As Gábor said, one nit-picky thing that stood out was the naming of the getSeekPos() function, but that's been remedied now, so thanks!
The other less nit-picky thing is that anytime I see stuff like this:
...it's usually an indicator that we're overloading a function into doing way too much. It's akin to when we used to have hook_node($op, $node, $a3, $a4) in D6 and below; these were split into hook_node_load(), hook_node_save(), etc. in D7+ and as a result the functions are much more focused and are much more grokkable. It feels like we probably need something similar here.
I spoke to Gábor about this, and he acknowledged this concern, but also said that fixing it would require far-reaching changes to the underlying Batch API as well. I actually think that'd make a great follow-up for anyone who worked on this issue, because this capability of processing items in a "series of seeks" (I'm using the wrong words here, but), rather than a big stack of things to do, seems like really useful functionality to have as part of the general Batch API. And if we did that, it's likely we could clean up some of the code here.
However! None of that is worth holding up this patch, which looks like a great solution to the problem, and these implementation concerns aside, looks good.
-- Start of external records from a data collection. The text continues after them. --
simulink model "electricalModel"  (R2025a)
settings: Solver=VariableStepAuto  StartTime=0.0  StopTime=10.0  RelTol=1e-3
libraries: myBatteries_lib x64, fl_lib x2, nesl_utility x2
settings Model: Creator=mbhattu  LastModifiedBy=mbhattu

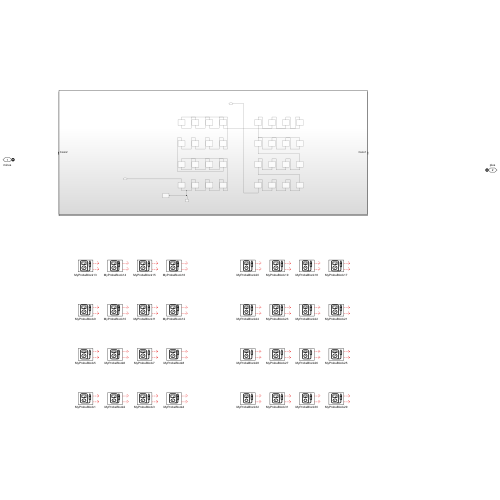
[thumbnail: Simulink's stored preview of the top-level diagram]
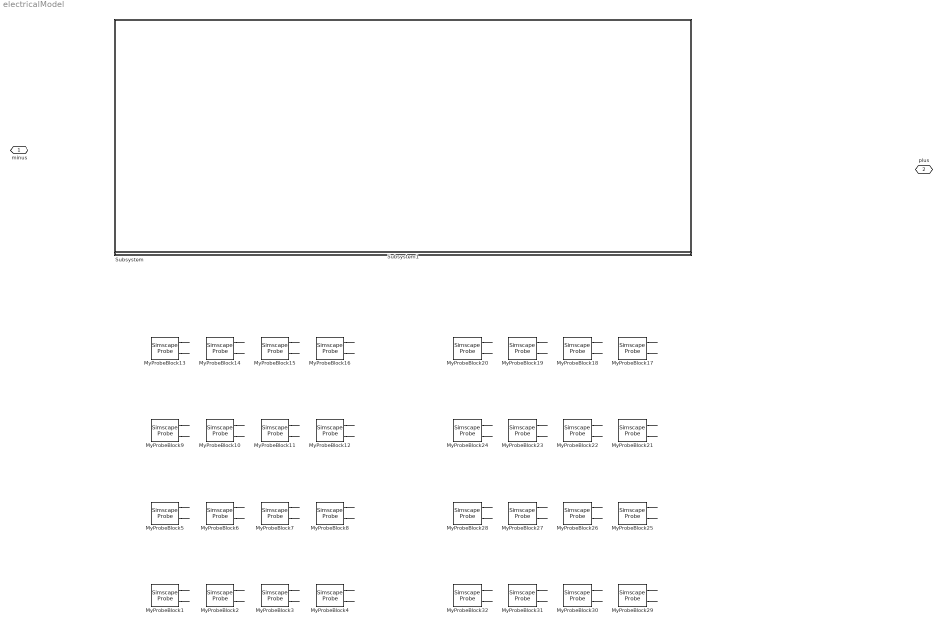
== system electricalModel ==
  MyProbeBlock1 : SimscapeProbe  BoundBlock=1  Variables="{\"Cell1.ocv\":{\"Probing\":\"ON\"},\"socCell\":{\"Probing\":\"ON\"}}"
  MyProbeBlock10 : SimscapeProbe  BoundBlock=10  Variables="{\"Cell1.ocv\":{\"Probing\":\"ON\"},\"socCell\":{\"Probing\":\"ON\"}}"
  MyProbeBlock11 : SimscapeProbe  BoundBlock=11  Variables="{\"Cell1.ocv\":{\"Probing\":\"ON\"},\"socCell\":{\"Probing\":\"ON\"}}"
  MyProbeBlock12 : SimscapeProbe  BoundBlock=12  Variables="{\"Cell1.ocv\":{\"Probing\":\"ON\"},\"socCell\":{\"Probing\":\"ON\"}}"
  MyProbeBlock13 : SimscapeProbe  BoundBlock=13  Variables="{\"Cell1.ocv\":{\"Probing\":\"ON\"},\"socCell\":{\"Probing\":\"ON\"}}"
  MyProbeBlock14 : SimscapeProbe  BoundBlock=14  Variables="{\"Cell1.ocv\":{\"Probing\":\"ON\"},\"socCell\":{\"Probing\":\"ON\"}}"
  MyProbeBlock15 : SimscapeProbe  BoundBlock=15  Variables="{\"Cell1.ocv\":{\"Probing\":\"ON\"},\"socCell\":{\"Probing\":\"ON\"}}"
  MyProbeBlock16 : SimscapeProbe  BoundBlock=16  Variables="{\"Cell1.ocv\":{\"Probing\":\"ON\"},\"socCell\":{\"Probing\":\"ON\"}}"
  MyProbeBlock17 : SimscapeProbe  BoundBlock=17  Variables="{\"Cell1.ocv\":{\"Probing\":\"ON\"},\"socCell\":{\"Probing\":\"ON\"}}"
  MyProbeBlock18 : SimscapeProbe  BoundBlock=18  Variables="{\"Cell1.ocv\":{\"Probing\":\"ON\"},\"socCell\":{\"Probing\":\"ON\"}}"
  MyProbeBlock19 : SimscapeProbe  BoundBlock=19  Variables="{\"Cell1.ocv\":{\"Probing\":\"ON\"},\"socCell\":{\"Probing\":\"ON\"}}"
  MyProbeBlock2 : SimscapeProbe  BoundBlock=2  Variables="{\"Cell1.ocv\":{\"Probing\":\"ON\"},\"socCell\":{\"Probing\":\"ON\"}}"
  MyProbeBlock20 : SimscapeProbe  BoundBlock=20  Variables="{\"Cell1.ocv\":{\"Probing\":\"ON\"},\"socCell\":{\"Probing\":\"ON\"}}"
  MyProbeBlock21 : SimscapeProbe  BoundBlock=21  Variables="{\"Cell1.ocv\":{\"Probing\":\"ON\"},\"socCell\":{\"Probing\":\"ON\"}}"
  MyProbeBlock22 : SimscapeProbe  BoundBlock=22  Variables="{\"Cell1.ocv\":{\"Probing\":\"ON\"},\"socCell\":{\"Probing\":\"ON\"}}"
  MyProbeBlock23 : SimscapeProbe  BoundBlock=23  Variables="{\"Cell1.ocv\":{\"Probing\":\"ON\"},\"socCell\":{\"Probing\":\"ON\"}}"
  MyProbeBlock24 : SimscapeProbe  BoundBlock=24  Variables="{\"Cell1.ocv\":{\"Probing\":\"ON\"},\"socCell\":{\"Probing\":\"ON\"}}"
  MyProbeBlock25 : SimscapeProbe  BoundBlock=25  Variables="{\"Cell1.ocv\":{\"Probing\":\"ON\"},\"socCell\":{\"Probing\":\"ON\"}}"
  MyProbeBlock26 : SimscapeProbe  BoundBlock=26  Variables="{\"Cell1.ocv\":{\"Probing\":\"ON\"},\"socCell\":{\"Probing\":\"ON\"}}"
  MyProbeBlock27 : SimscapeProbe  BoundBlock=27  Variables="{\"Cell1.ocv\":{\"Probing\":\"ON\"},\"socCell\":{\"Probing\":\"ON\"}}"
  MyProbeBlock28 : SimscapeProbe  BoundBlock=28  Variables="{\"Cell1.ocv\":{\"Probing\":\"ON\"},\"socCell\":{\"Probing\":\"ON\"}}"
  MyProbeBlock29 : SimscapeProbe  BoundBlock=29  Variables="{\"Cell1.ocv\":{\"Probing\":\"ON\"},\"socCell\":{\"Probing\":\"ON\"}}"
  MyProbeBlock3 : SimscapeProbe  BoundBlock=3  Variables="{\"Cell1.ocv\":{\"Probing\":\"ON\"},\"socCell\":{\"Probing\":\"ON\"}}"
  MyProbeBlock30 : SimscapeProbe  BoundBlock=30  Variables="{\"Cell1.ocv\":{\"Probing\":\"ON\"},\"socCell\":{\"Probing\":\"ON\"}}"
  MyProbeBlock31 : SimscapeProbe  BoundBlock=31  Variables="{\"Cell1.ocv\":{\"Probing\":\"ON\"},\"socCell\":{\"Probing\":\"ON\"}}"
  MyProbeBlock32 : SimscapeProbe  BoundBlock=32  Variables="{\"Cell1.ocv\":{\"Probing\":\"ON\"},\"socCell\":{\"Probing\":\"ON\"}}"
  MyProbeBlock4 : SimscapeProbe  BoundBlock=4  Variables="{\"Cell1.ocv\":{\"Probing\":\"ON\"},\"socCell\":{\"Probing\":\"ON\"}}"
  MyProbeBlock5 : SimscapeProbe  BoundBlock=5  Variables="{\"Cell1.ocv\":{\"Probing\":\"ON\"},\"socCell\":{\"Probing\":\"ON\"}}"
  MyProbeBlock6 : SimscapeProbe  BoundBlock=6  Variables="{\"Cell1.ocv\":{\"Probing\":\"ON\"},\"socCell\":{\"Probing\":\"ON\"}}"
  MyProbeBlock7 : SimscapeProbe  BoundBlock=7  Variables="{\"Cell1.ocv\":{\"Probing\":\"ON\"},\"socCell\":{\"Probing\":\"ON\"}}"
  MyProbeBlock8 : SimscapeProbe  BoundBlock=8  Variables="{\"Cell1.ocv\":{\"Probing\":\"ON\"},\"socCell\":{\"Probing\":\"ON\"}}"
  MyProbeBlock9 : SimscapeProbe  BoundBlock=9  Variables="{\"Cell1.ocv\":{\"Probing\":\"ON\"},\"socCell\":{\"Probing\":\"ON\"}}"
  Subsystem : Subsystem
  Subsystem1 : Subsystem
  minus : PMIOPort  Side=Left
  plus : PMIOPort  Port=2  Side=Left
  wires:
  MyProbeBlock25/2 -> ?
  MyProbeBlock29/2 -> ?
  MyProbeBlock3/1 -> ?
  MyProbeBlock12/2 -> ?
  MyProbeBlock1/2 -> ?
  MyProbeBlock11/2 -> ?
  MyProbeBlock1/1 -> ?
  MyProbeBlock11/1 -> ?
  MyProbeBlock27/2 -> ?
  MyProbeBlock28/2 -> ?
  MyProbeBlock29/1 -> ?
  MyProbeBlock23/2 -> ?
  MyProbeBlock23/1 -> ?
  MyProbeBlock30/1 -> ?
  MyProbeBlock22/2 -> ?
  MyProbeBlock10/2 -> ?
  MyProbeBlock4/2 -> ?
  MyProbeBlock3/2 -> ?
  MyProbeBlock5/2 -> ?
  MyProbeBlock12/1 -> ?
  MyProbeBlock6/1 -> ?
  MyProbeBlock22/1 -> ?
  MyProbeBlock18/1 -> ?
  MyProbeBlock25/1 -> ?
  MyProbeBlock28/1 -> ?
  MyProbeBlock32/2 -> ?
  MyProbeBlock19/2 -> ?
  MyProbeBlock24/1 -> ?
  MyProbeBlock15/2 -> ?
  MyProbeBlock14/2 -> ?
  MyProbeBlock8/1 -> ?
  MyProbeBlock21/1 -> ?
  MyProbeBlock16/2 -> ?
  MyProbeBlock26/2 -> ?
  MyProbeBlock4/1 -> ?
  MyProbeBlock9/1 -> ?
  MyProbeBlock13/1 -> ?
  MyProbeBlock27/1 -> ?
  MyProbeBlock20/2 -> ?
  MyProbeBlock7/1 -> ?
  MyProbeBlock16/1 -> ?
  MyProbeBlock8/2 -> ?
  MyProbeBlock17/1 -> ?
  MyProbeBlock32/1 -> ?
  MyProbeBlock17/2 -> ?
  MyProbeBlock31/1 -> ?
  MyProbeBlock20/1 -> ?
  MyProbeBlock13/2 -> ?
  MyProbeBlock15/1 -> ?
  MyProbeBlock2/1 -> ?
  MyProbeBlock7/2 -> ?
  MyProbeBlock24/2 -> ?
  MyProbeBlock26/1 -> ?
  MyProbeBlock5/1 -> ?
  MyProbeBlock21/2 -> ?
  MyProbeBlock31/2 -> ?
  MyProbeBlock18/2 -> ?
  MyProbeBlock6/2 -> ?
  MyProbeBlock9/2 -> ?
  MyProbeBlock14/1 -> ?
  MyProbeBlock2/2 -> ?
  MyProbeBlock30/2 -> ?
  MyProbeBlock19/1 -> ?
  MyProbeBlock10/1 -> ?

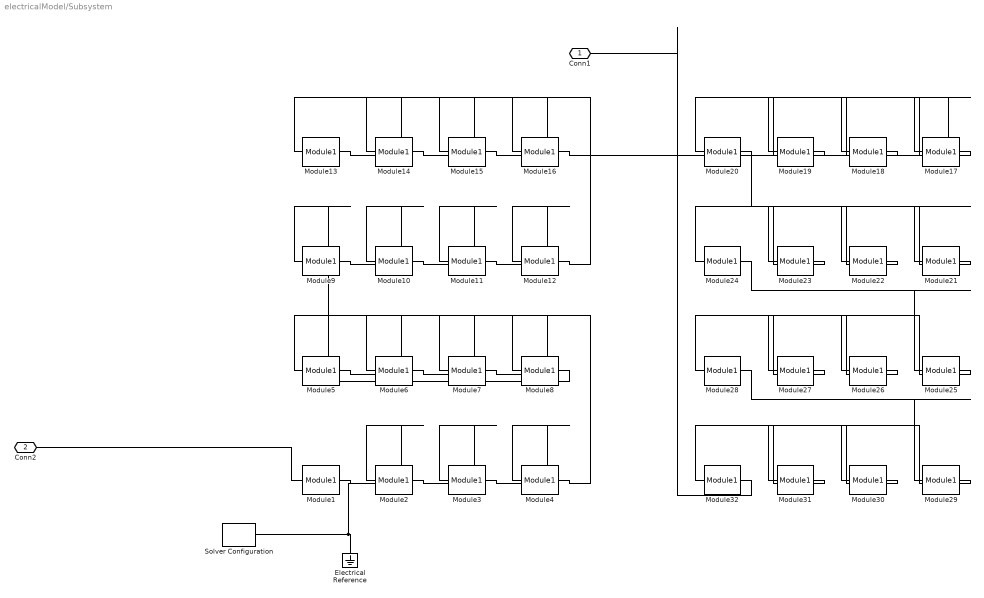
== system electricalModel/Subsystem ==
  Electrical Reference : fl_lib/Electrical/Electrical Elements/Electrical Reference
  Module{1..32} (32 alike) : myBatteries_lib/Module1  SOC_vecCell=[0, .1, .25, .5, .75, .9, 1]  V0_vecCell=[3.5057, 3.566, 3.6337, 3.7127, 3.9259, 4.0777, 4.1928] V  V_rangeCell=[0, inf] V  R0_vecCell=[.0085, .0085, .0087, .0082, .0083, .0085, .0085] Ohm  AHCell=27 A*hr  extrapolation_optionCell=simscape.enum.extrapolation.nearest  P=2  S=6  iCell_specify=off  iCell_priority=None  iCell=0 A  iCell_nominal_specify=off  iCell_nominal_value=1  iCell_nominal_unit=A  vCell_specify=off  vCell_priority=None  vCell=0 V  vCell_nominal_specify=off  vCell_nominal_value=1  vCell_nominal_unit=V  socCell_specify=off  socCell_priority=High  socCell=1  socCell_nominal_specify=off  socCell_nominal_value=1  socCell_nominal_unit=1  numCyclesCell_specify=off  numCyclesCell_priority=High  numCyclesCell=0  numCyclesCell_nominal_specify=off  numCyclesCell_nominal_value=1  numCyclesCell_nominal_unit=1  vParallelAssembly_specify=off  vParallelAssembly_priority=None  vParallelAssembly=repmat(0, 6, 1) V  vParallelAssembly_nominal_specify=off  vParallelAssembly_nominal_value=1  vParallelAssembly_nominal_unit=V  socParallelAssembly_specify=off  socParallelAssembly_priority=None  socParallelAssembly=repmat(1, 6, 1)  socParallelAssembly_nominal_specify=off  socParallelAssembly_nominal_value=1  socParallelAssembly_nominal_unit=1
      settings: InternalSimscapePortConfiguration="{\"Bottom\":[{\"id\":\"n\",\"label\":\"-\",\"type\":\"foundation.electrical.electrical\"}],\"Left\":[],\"Right\":[],\"Top\":[{\"id\":\"p\",\"label\":\"+\",\"type\":\"foundation.electrical.electrical\"}]}"
  Solver Configuration : nesl_utility/Solver Configuration  PhysicalDomain=network_engine_domain  SubClassName=solver  LeftPortType=input  RightPortType=generic  Tones=[]  Harmonics=[]  SimulateNoise=off  Profile=off  UseLocalSampling=off  EnableSwitchedLinearOptims=on  FrequencyDomain=off  UseCCode=off  RelTol=0.001  AbsTol=0.001  MinStep=1e-09  ToWorkspace=off  RevertToSquareIcSolve=off  NumHomotopyIterations=100  PhasorMode=off  PhasorModeNumHarmonics=1  ConsistencySolver=NEWTON_XTOL_AFTER_FTOL  IndexReductionMethod=DerivativeReplacement  DoDC=off  ResidualTolerance=1e-09  ConsistencyTolSource=GLOBAL  ConsistencyAbsTol=0.001  ConsistencyRelTol=0.001  ConsistencyTolFactor=0.001  UseLocalSolver=off  LocalSolverChoice=NE_BACKWARD_EULER_ADVANCER  ResolveIndetEquations=on  FunctionEvalNumThread=1  LocalSolverSampleTime=0.001  DoFixedCost=off  MaxNonlinIter=3  MaxModeIter=2  ComputeImpulses=off  ImpulseIterations=2  LinearAlgebra=auto  LinearAlgebraNumThread=0  EquationFormulation=NE_TIME_EF  DelaysMemoryBudget=1024  AutomaticFiltering=on  FilteringTimeConstant=0.001  PartitionStorageMethod=AS_NEEDED  PartitionMemoryBudget=1024  PartitionMethod=ROBUST  MultibodyUseLocalSolver=off  MultibodyLocalSolverChoice=ODE1  MultibodyLocalSolverSampleTime=0.001
  Conn1 : PMIOPort  Side=Right
  Conn2 : PMIOPort  Port=2  Side=Left
  connections:
  Module8/RConn1 -- Module9/LConn1
  Module3/RConn1 -- Module4/LConn1
  Module21/RConn1 -- Module22/LConn1
  Module11/RConn1 -- Module12/LConn1
  Module22/RConn1 -- Module23/LConn1
  Module14/RConn1 -- Module15/LConn1
  Module1/RConn1 -- Solver Configuration/RConn1 -- Electrical Reference/LConn1 -- Module2/LConn1
  Module28/RConn1 -- Module29/LConn1
  Module20/RConn1 -- Module21/LConn1
  Module25/RConn1 -- Module26/LConn1
  Module16/RConn1 -- Module17/LConn1
  Module31/RConn1 -- Module32/LConn1
  Module18/RConn1 -- Module19/LConn1
  Module15/RConn1 -- Module16/LConn1
  Module30/RConn1 -- Module31/LConn1
  Module10/RConn1 -- Module11/LConn1
  Module32/RConn1 -- Conn1/RConn1
  Module23/RConn1 -- Module24/LConn1
  Module6/RConn1 -- Module7/LConn1
  Module29/RConn1 -- Module30/LConn1
  Module24/RConn1 -- Module25/LConn1
  Module12/RConn1 -- Module13/LConn1
  Module9/RConn1 -- Module10/LConn1
  Module5/RConn1 -- Module6/LConn1
  Module4/RConn1 -- Module5/LConn1
  Module19/RConn1 -- Module20/LConn1
  Module27/RConn1 -- Module28/LConn1
  Module17/RConn1 -- Module18/LConn1
  Module13/RConn1 -- Module14/LConn1
  Module26/RConn1 -- Module27/LConn1
  Module7/RConn1 -- Module8/LConn1
  Module2/RConn1 -- Module3/LConn1
  Module1/LConn1 -- Conn2/RConn1

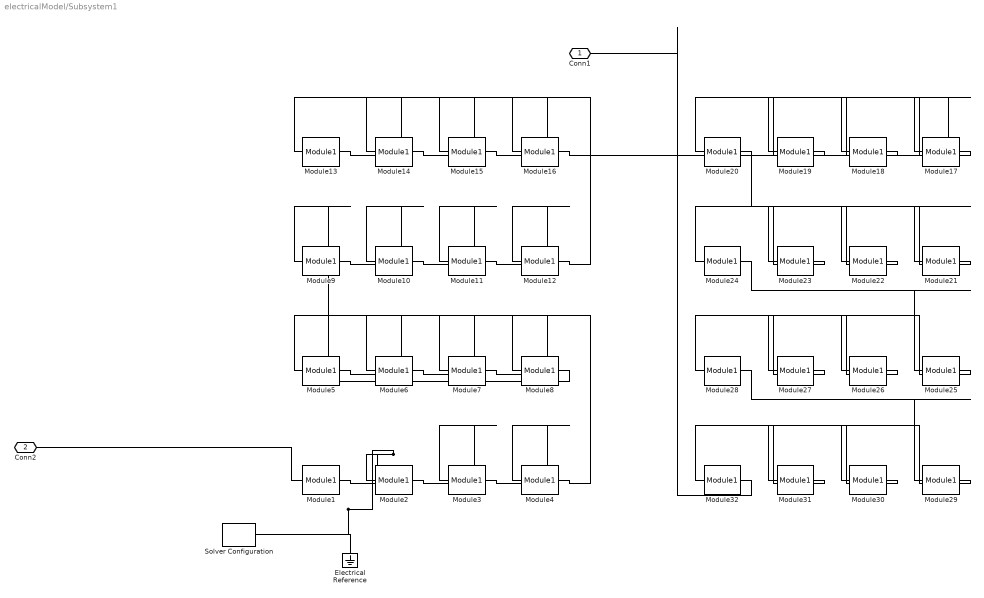
== system electricalModel/Subsystem1 ==
  Electrical Reference : fl_lib/Electrical/Electrical Elements/Electrical Reference
  Module{1..32} (32 alike) : myBatteries_lib/Module1  SOC_vecCell=[0, .1, .25, .5, .75, .9, 1]  V0_vecCell=[3.5057, 3.566, 3.6337, 3.7127, 3.9259, 4.0777, 4.1928] V  V_rangeCell=[0, inf] V  R0_vecCell=[.0085, .0085, .0087, .0082, .0083, .0085, .0085] Ohm  AHCell=27 A*hr  extrapolation_optionCell=simscape.enum.extrapolation.nearest  P=2  S=6  iCell_specify=off  iCell_priority=None  iCell=0 A  iCell_nominal_specify=off  iCell_nominal_value=1  iCell_nominal_unit=A  vCell_specify=off  vCell_priority=None  vCell=0 V  vCell_nominal_specify=off  vCell_nominal_value=1  vCell_nominal_unit=V  socCell_specify=off  socCell_priority=High  socCell=1  socCell_nominal_specify=off  socCell_nominal_value=1  socCell_nominal_unit=1  numCyclesCell_specify=off  numCyclesCell_priority=High  numCyclesCell=0  numCyclesCell_nominal_specify=off  numCyclesCell_nominal_value=1  numCyclesCell_nominal_unit=1  vParallelAssembly_specify=off  vParallelAssembly_priority=None  vParallelAssembly=repmat(0, 6, 1) V  vParallelAssembly_nominal_specify=off  vParallelAssembly_nominal_value=1  vParallelAssembly_nominal_unit=V  socParallelAssembly_specify=off  socParallelAssembly_priority=None  socParallelAssembly=repmat(1, 6, 1)  socParallelAssembly_nominal_specify=off  socParallelAssembly_nominal_value=1  socParallelAssembly_nominal_unit=1
      settings: InternalSimscapePortConfiguration="{\"Bottom\":[{\"id\":\"n\",\"label\":\"-\",\"type\":\"foundation.electrical.electrical\"}],\"Left\":[],\"Right\":[],\"Top\":[{\"id\":\"p\",\"label\":\"+\",\"type\":\"foundation.electrical.electrical\"}]}"
  Solver Configuration : nesl_utility/Solver Configuration  PhysicalDomain=network_engine_domain  SubClassName=solver  LeftPortType=input  RightPortType=generic  Tones=[]  Harmonics=[]  SimulateNoise=off  Profile=off  UseLocalSampling=off  EnableSwitchedLinearOptims=on  FrequencyDomain=off  UseCCode=off  RelTol=0.001  AbsTol=0.001  MinStep=1e-09  ToWorkspace=off  RevertToSquareIcSolve=off  NumHomotopyIterations=100  PhasorMode=off  PhasorModeNumHarmonics=1  ConsistencySolver=NEWTON_XTOL_AFTER_FTOL  IndexReductionMethod=DerivativeReplacement  DoDC=off  ResidualTolerance=1e-09  ConsistencyTolSource=GLOBAL  ConsistencyAbsTol=0.001  ConsistencyRelTol=0.001  ConsistencyTolFactor=0.001  UseLocalSolver=off  LocalSolverChoice=NE_BACKWARD_EULER_ADVANCER  ResolveIndetEquations=on  FunctionEvalNumThread=1  LocalSolverSampleTime=0.001  DoFixedCost=off  MaxNonlinIter=3  MaxModeIter=2  ComputeImpulses=off  ImpulseIterations=2  LinearAlgebra=auto  LinearAlgebraNumThread=0  EquationFormulation=NE_TIME_EF  DelaysMemoryBudget=1024  AutomaticFiltering=on  FilteringTimeConstant=0.001  PartitionStorageMethod=AS_NEEDED  PartitionMemoryBudget=1024  PartitionMethod=ROBUST  MultibodyUseLocalSolver=off  MultibodyLocalSolverChoice=ODE1  MultibodyLocalSolverSampleTime=0.001
  Conn1 : PMIOPort  Side=Right
  Conn2 : PMIOPort  Port=2  Side=Left
  connections:
  Module1/LConn1 -- Conn2/RConn1
  Module2/RConn1 -- Module3/LConn1
  Module7/RConn1 -- Module8/LConn1
  Module26/RConn1 -- Module27/LConn1
  Module13/RConn1 -- Module14/LConn1
  Module17/RConn1 -- Module18/LConn1
  Module27/RConn1 -- Module28/LConn1
  Module19/RConn1 -- Module20/LConn1
  Module4/RConn1 -- Module5/LConn1
  Module5/RConn1 -- Module6/LConn1
  Module9/RConn1 -- Module10/LConn1
  Module12/RConn1 -- Module13/LConn1
  Module24/RConn1 -- Module25/LConn1
  Module29/RConn1 -- Module30/LConn1
  Module6/RConn1 -- Module7/LConn1
  Module23/RConn1 -- Module24/LConn1
  Module32/RConn1 -- Conn1/RConn1
  Module10/RConn1 -- Module11/LConn1
  Module30/RConn1 -- Module31/LConn1
  Module15/RConn1 -- Module16/LConn1
  Module18/RConn1 -- Module19/LConn1
  Module31/RConn1 -- Module32/LConn1
  Module16/RConn1 -- Module17/LConn1
  Module25/RConn1 -- Module26/LConn1
  Module20/RConn1 -- Module21/LConn1
  Module28/RConn1 -- Module29/LConn1
  Module2/LConn1 -- Electrical Reference/LConn1 -- Solver Configuration/RConn1 -- Module1/RConn1
  Module14/RConn1 -- Module15/LConn1
  Module22/RConn1 -- Module23/LConn1
  Module11/RConn1 -- Module12/LConn1
  Module21/RConn1 -- Module22/LConn1
  Module3/RConn1 -- Module4/LConn1
  Module8/RConn1 -- Module9/LConn1

Therefore..!
Committed and pushed to 8.x. Thanks! If we could get a follow-up issue to introduce this functionality into Batch API "proper" though, that would be awesome. (Even more awesome if some folks here who had to understand the existing batch API to write this could help push that issue along with at least some pseudocode/description of how it could work, before you all forget everything you learned. :D)
Comment #27
Gábor HojtsyYay, thanks. Here is a CHANGELOG.txt followup :) Not sure the text is ok, but this should be quick to review.
Comment #28
webchickText looks good to me!
Committed and pushed to 8.x.
Comment #30
Gábor HojtsyOff the sprint then, thanks all!
Comment #30.0
Gábor HojtsyMore up to date solution explanation.